But there's more to it than that. The bytecode is actually interpreted at
first by the JVM runtime. The code is also continuously dynamically profiled.
There are two compilers C1 and C2.

Whatever functions are using the most cpu time get compiled using C1. C1
rapidly compiles to poorly optimized code, but this is a big speedup over the
bytecode interpreter. The function is also scheduled to be compiled again in
the near future using the C2 compiler. The C2 compiler spends a lot of time
compiling, optimizing and aggressively inlining.

But there's more. C2 can optimize its compile for the exact target instruction
set, plus extensions, for the actual hardware it is running on at the moment.
An ahead of time C compiler cannot do that. It needs to generate x86-64 code
that runs on a large variety of hardware processors.

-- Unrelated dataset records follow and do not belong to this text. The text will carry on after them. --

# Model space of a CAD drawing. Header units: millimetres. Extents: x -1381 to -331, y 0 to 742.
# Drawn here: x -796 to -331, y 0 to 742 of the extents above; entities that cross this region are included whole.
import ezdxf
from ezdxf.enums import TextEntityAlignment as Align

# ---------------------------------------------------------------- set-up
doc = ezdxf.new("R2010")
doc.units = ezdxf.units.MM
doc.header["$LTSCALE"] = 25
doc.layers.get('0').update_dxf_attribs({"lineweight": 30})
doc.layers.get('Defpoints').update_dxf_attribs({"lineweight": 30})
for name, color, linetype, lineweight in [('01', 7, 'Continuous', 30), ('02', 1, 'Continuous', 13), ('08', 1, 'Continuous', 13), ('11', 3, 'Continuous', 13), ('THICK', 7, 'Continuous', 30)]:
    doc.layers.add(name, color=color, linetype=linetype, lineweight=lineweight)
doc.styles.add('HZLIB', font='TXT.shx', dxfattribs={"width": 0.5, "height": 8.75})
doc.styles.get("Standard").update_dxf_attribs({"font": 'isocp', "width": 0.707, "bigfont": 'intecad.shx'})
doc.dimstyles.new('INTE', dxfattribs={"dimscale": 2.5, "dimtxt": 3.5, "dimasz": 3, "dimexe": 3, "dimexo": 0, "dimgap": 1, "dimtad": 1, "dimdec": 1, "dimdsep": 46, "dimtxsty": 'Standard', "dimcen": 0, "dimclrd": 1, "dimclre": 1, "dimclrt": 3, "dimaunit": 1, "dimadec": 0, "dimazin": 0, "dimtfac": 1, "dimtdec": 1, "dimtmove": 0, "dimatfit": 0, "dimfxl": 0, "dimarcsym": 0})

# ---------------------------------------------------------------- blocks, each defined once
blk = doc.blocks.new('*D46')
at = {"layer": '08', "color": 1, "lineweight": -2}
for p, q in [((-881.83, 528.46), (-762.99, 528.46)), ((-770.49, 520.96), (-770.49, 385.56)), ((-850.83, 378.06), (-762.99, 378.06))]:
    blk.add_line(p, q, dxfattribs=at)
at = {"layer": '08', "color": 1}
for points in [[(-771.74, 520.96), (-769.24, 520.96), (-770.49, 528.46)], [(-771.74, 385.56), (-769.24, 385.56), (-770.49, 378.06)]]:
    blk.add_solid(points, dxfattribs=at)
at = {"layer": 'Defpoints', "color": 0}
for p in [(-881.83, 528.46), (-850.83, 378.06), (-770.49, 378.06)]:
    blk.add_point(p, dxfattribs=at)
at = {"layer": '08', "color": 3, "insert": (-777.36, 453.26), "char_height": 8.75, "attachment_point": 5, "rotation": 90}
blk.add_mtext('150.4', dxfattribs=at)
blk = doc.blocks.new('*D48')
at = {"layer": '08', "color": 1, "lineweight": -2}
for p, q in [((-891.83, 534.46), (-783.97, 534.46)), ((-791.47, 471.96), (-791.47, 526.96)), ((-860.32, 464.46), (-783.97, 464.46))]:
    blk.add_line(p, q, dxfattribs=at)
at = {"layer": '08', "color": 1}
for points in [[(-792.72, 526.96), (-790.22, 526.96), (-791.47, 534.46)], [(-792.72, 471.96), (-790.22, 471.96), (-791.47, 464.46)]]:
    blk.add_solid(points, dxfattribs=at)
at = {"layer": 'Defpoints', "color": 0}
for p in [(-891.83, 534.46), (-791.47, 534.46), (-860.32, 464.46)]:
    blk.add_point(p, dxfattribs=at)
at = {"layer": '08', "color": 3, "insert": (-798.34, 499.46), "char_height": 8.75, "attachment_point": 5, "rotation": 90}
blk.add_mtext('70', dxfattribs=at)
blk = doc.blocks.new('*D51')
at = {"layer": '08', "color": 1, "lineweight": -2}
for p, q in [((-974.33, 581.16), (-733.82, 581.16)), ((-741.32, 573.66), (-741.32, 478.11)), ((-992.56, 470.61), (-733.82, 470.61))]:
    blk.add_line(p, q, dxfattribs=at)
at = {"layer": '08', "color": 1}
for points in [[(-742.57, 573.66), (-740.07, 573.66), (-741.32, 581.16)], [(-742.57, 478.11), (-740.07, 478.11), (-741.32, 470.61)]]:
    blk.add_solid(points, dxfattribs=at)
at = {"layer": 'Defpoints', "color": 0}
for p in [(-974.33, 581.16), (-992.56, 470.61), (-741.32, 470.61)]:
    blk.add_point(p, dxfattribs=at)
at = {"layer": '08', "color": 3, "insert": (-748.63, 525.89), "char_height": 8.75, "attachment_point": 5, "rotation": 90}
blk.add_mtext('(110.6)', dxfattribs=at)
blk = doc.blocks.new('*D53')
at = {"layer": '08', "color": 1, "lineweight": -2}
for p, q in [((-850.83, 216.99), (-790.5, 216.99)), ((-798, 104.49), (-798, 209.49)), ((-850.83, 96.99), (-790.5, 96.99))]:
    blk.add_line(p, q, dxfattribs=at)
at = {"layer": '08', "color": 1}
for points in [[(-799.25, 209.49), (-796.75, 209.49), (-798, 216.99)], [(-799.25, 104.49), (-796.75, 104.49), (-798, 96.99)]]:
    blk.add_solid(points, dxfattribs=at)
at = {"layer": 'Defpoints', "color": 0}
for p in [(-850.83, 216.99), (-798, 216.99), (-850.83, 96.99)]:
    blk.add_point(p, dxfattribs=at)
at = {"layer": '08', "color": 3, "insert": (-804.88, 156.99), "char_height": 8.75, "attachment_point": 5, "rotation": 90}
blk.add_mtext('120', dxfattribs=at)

But there's more. The C2 compiler can optimize based on the entire global
program. Suppose a function call from one author's library to another author's
library can be optimized in some way by writing a different version of that
function. C2 can take advantage of this and do it where a C compiler can not
because it doesn't know anything about the insides of the other library it is
calling -- which might be rewritten tomorrow, or might not be written yet.
Once the Java program is started, the C2 compiler can see all parts of the
running program an optimize as needed.

But there's more. Suppose YOUR function X calls MY function Y. If your
function X is using much CPU, it gets compiled to machine code by C1, and then
in a short time gets recompiled again by C2. The C2 compiler might inline my Y
function into your X function. Now suppose the class containing my Y function
gets dynamically reloaded. Your X function now has a stale inlined version of
my Y function. So the JVM runtime changes your X function back to being
bytecode interpreted once again. If your Y function is using a lot of CPU,
then it gets compiled again by C1, and then in a while, by C2.

All this happens in a garbage collected runtime platform.

It is why Java programs seem to start up, but take a few minutes to "warm up"
when they start running fast. Many Java workloads are long running servers, so
startup is infrequent.

Now you know why Java can run fast for only six times the amount of memory as
a C program.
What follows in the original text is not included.